J.M.W. Turner’s The Slave Ship sets the stage for an inquiry study that uses slave narratives and ekphrastic poetry to give voice to the Zong massacre and the horrors of the slave trade’s Middle Passage.
Before launching an inquiry study it is important to have students experience a work of art on their own terms. Use this opportunity to build background knowledge, engage empathy, and spark wonderings. This link offers teaching moves and language for introducing students to J.M.W. Turner’s The Slave Ship. Turner’s painting exposes the Zong massacre and the horrors of the slave trade’s Middle Passage. This inquiry study builds on that learning and uses ekphrastic poetry and slave narratives to add voice and perspective to this experience. Turner’s painting with these companion ekphrastic poems call to mind President John F. Kennedy’s quote, “When power corrupts, poetry cleanses, for art establishes the basic human truth which must serve as the touchstone of our judgment.” Then and now, capitalism puts profits and wealth accumulation before human rights.

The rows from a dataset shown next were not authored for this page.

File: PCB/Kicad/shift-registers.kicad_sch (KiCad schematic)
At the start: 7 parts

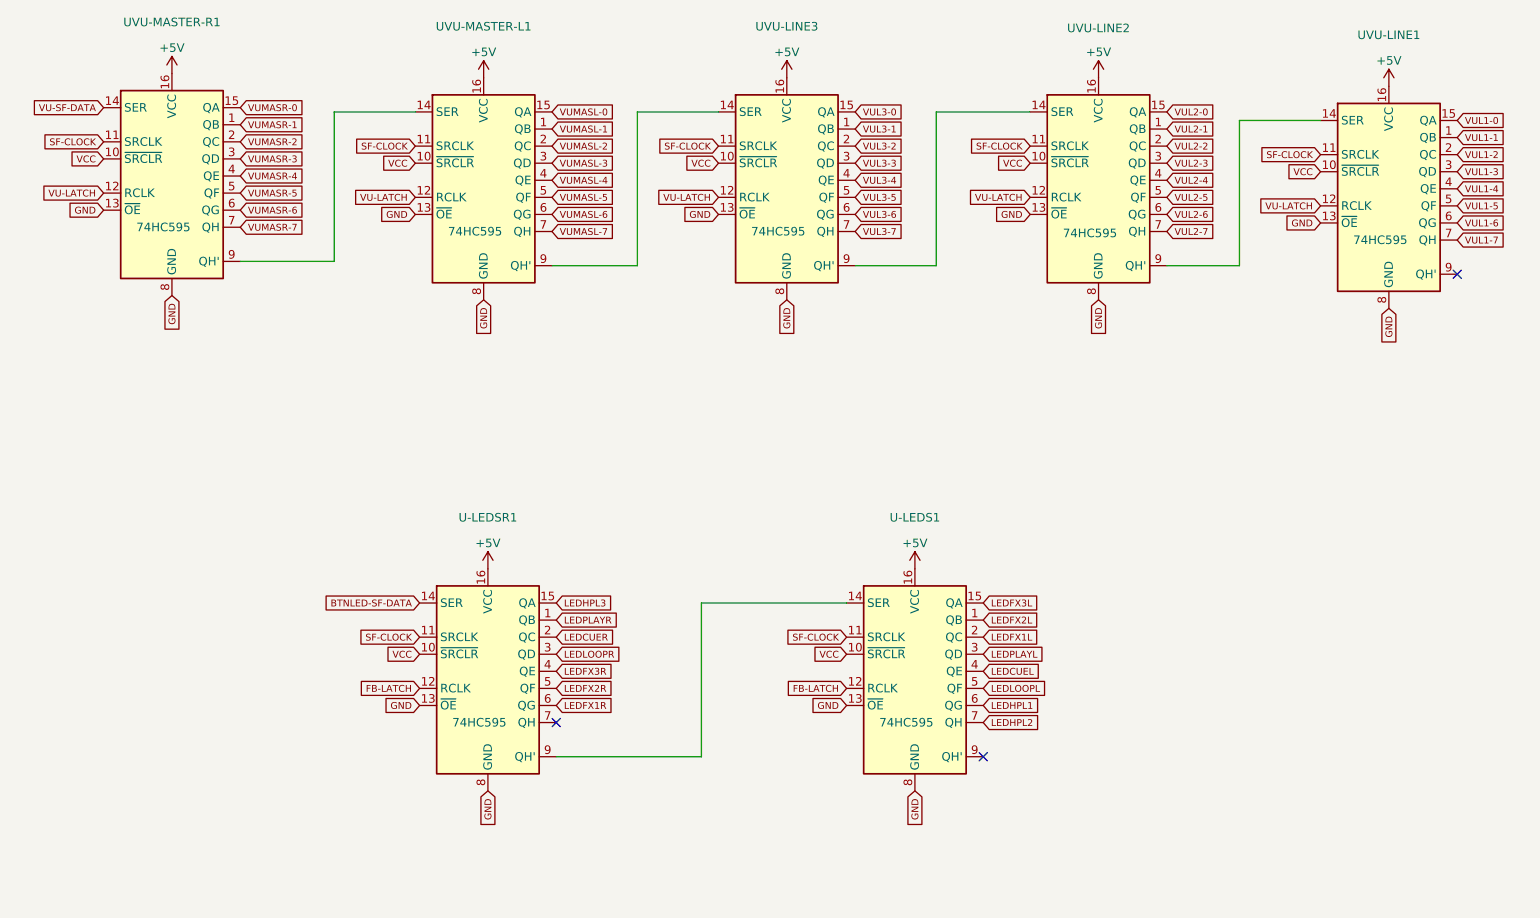
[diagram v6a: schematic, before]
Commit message: all neopixels together
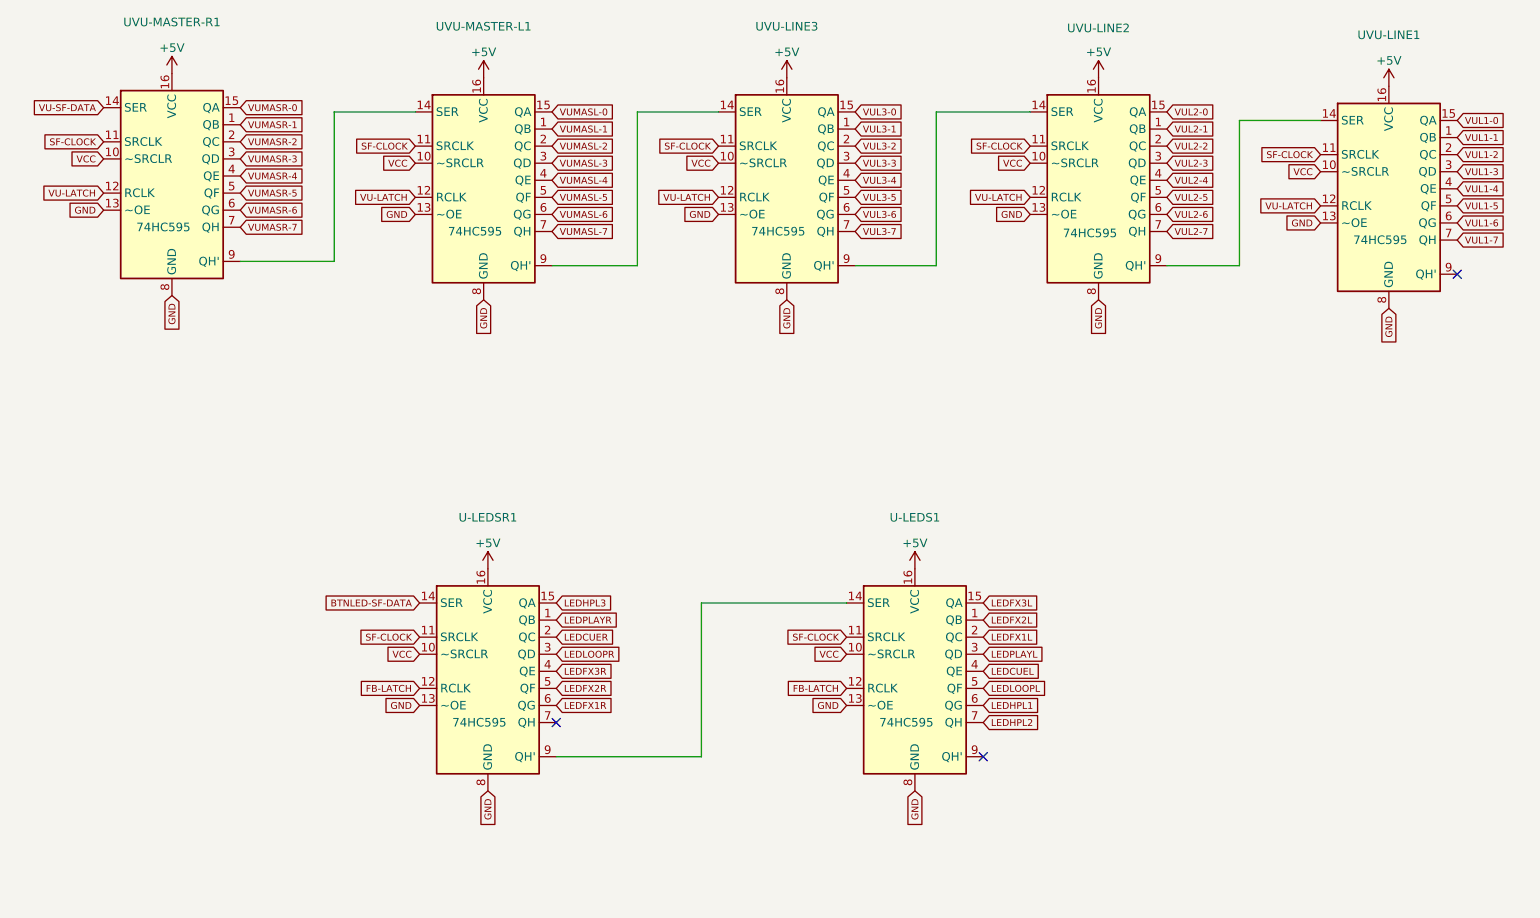
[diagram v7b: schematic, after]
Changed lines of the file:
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@@
-(kicad_sch (version 20210406) (generator eeschema)
+(kicad_sch (version 20210615) (generator eeschema)
   (paper "A4")
   (no_connect (at 109.22 130.81))

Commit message: changed encoders pins to interrupt pins
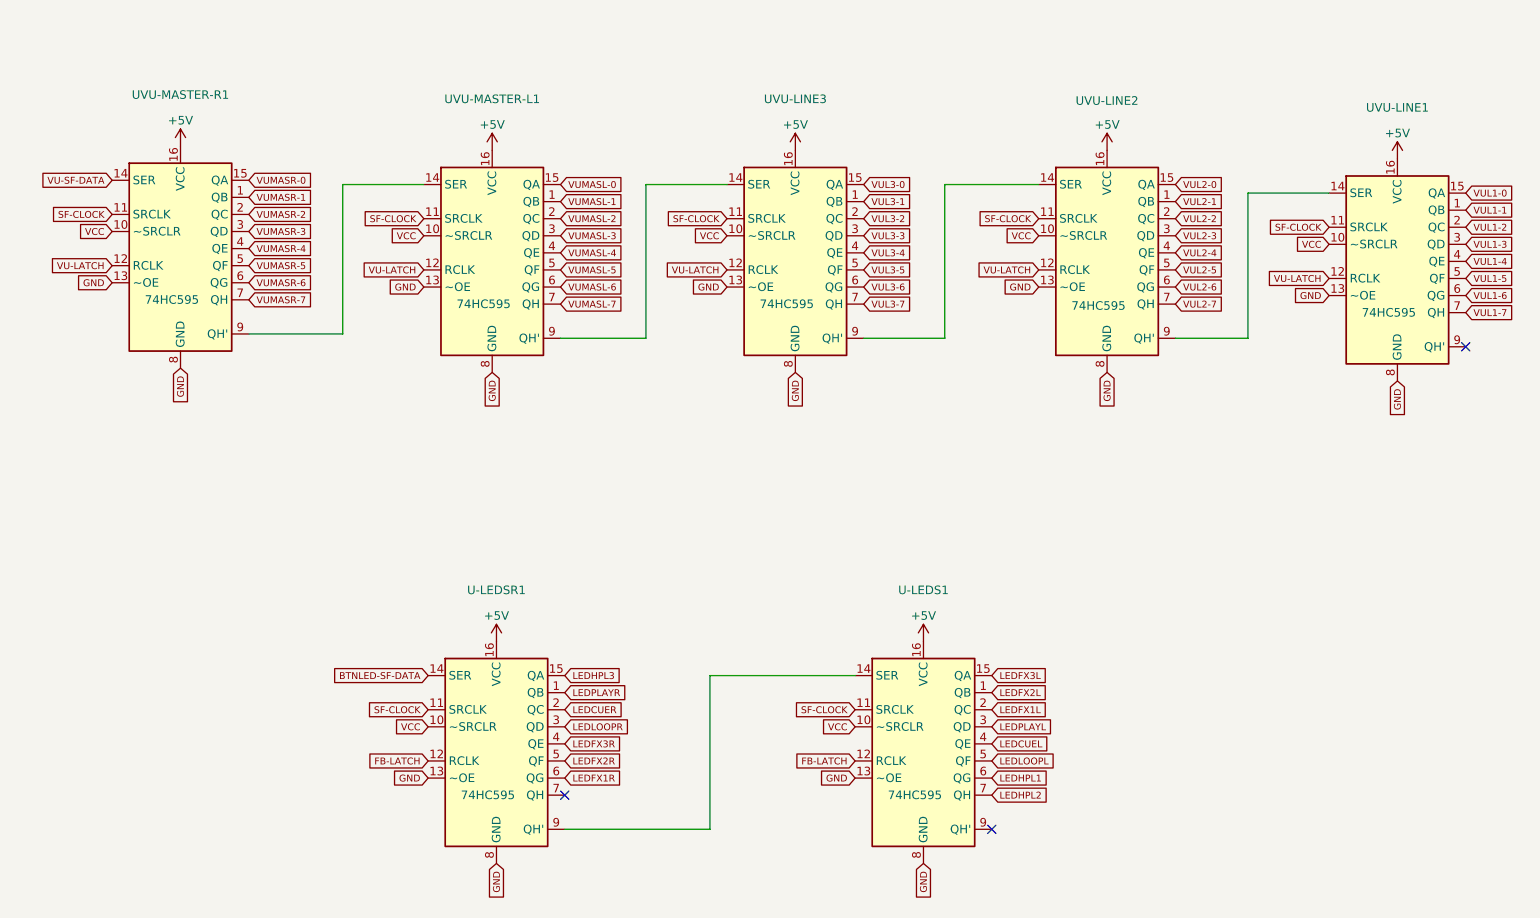
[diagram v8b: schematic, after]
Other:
- moved on the sheet: U-LEDS1, U-LEDSR1, UVU-LINE1, UVU-LINE2, UVU-LINE3, UVU-MASTER-L1, UVU-MASTER-R1

That the Zong Massacre was seen as a reasonable business decision by Captain Collingwood, and eventually affirmed by the courts, heightens the horror of the event. In establishing the basic human truths about the slave trade’s Middle Passage, this inquiry study presents opportunities to consider contemporary racism, human rights, and the morality of unbridled capitalism.
When J.M.W. Turner first exhibited The Slave Ship, originally titled Slavers Throwing Overboard the Dead and Dying—Typhon Coming On, he paired it with an excerpt from his unfinished poem Fallacies of Hope (1812).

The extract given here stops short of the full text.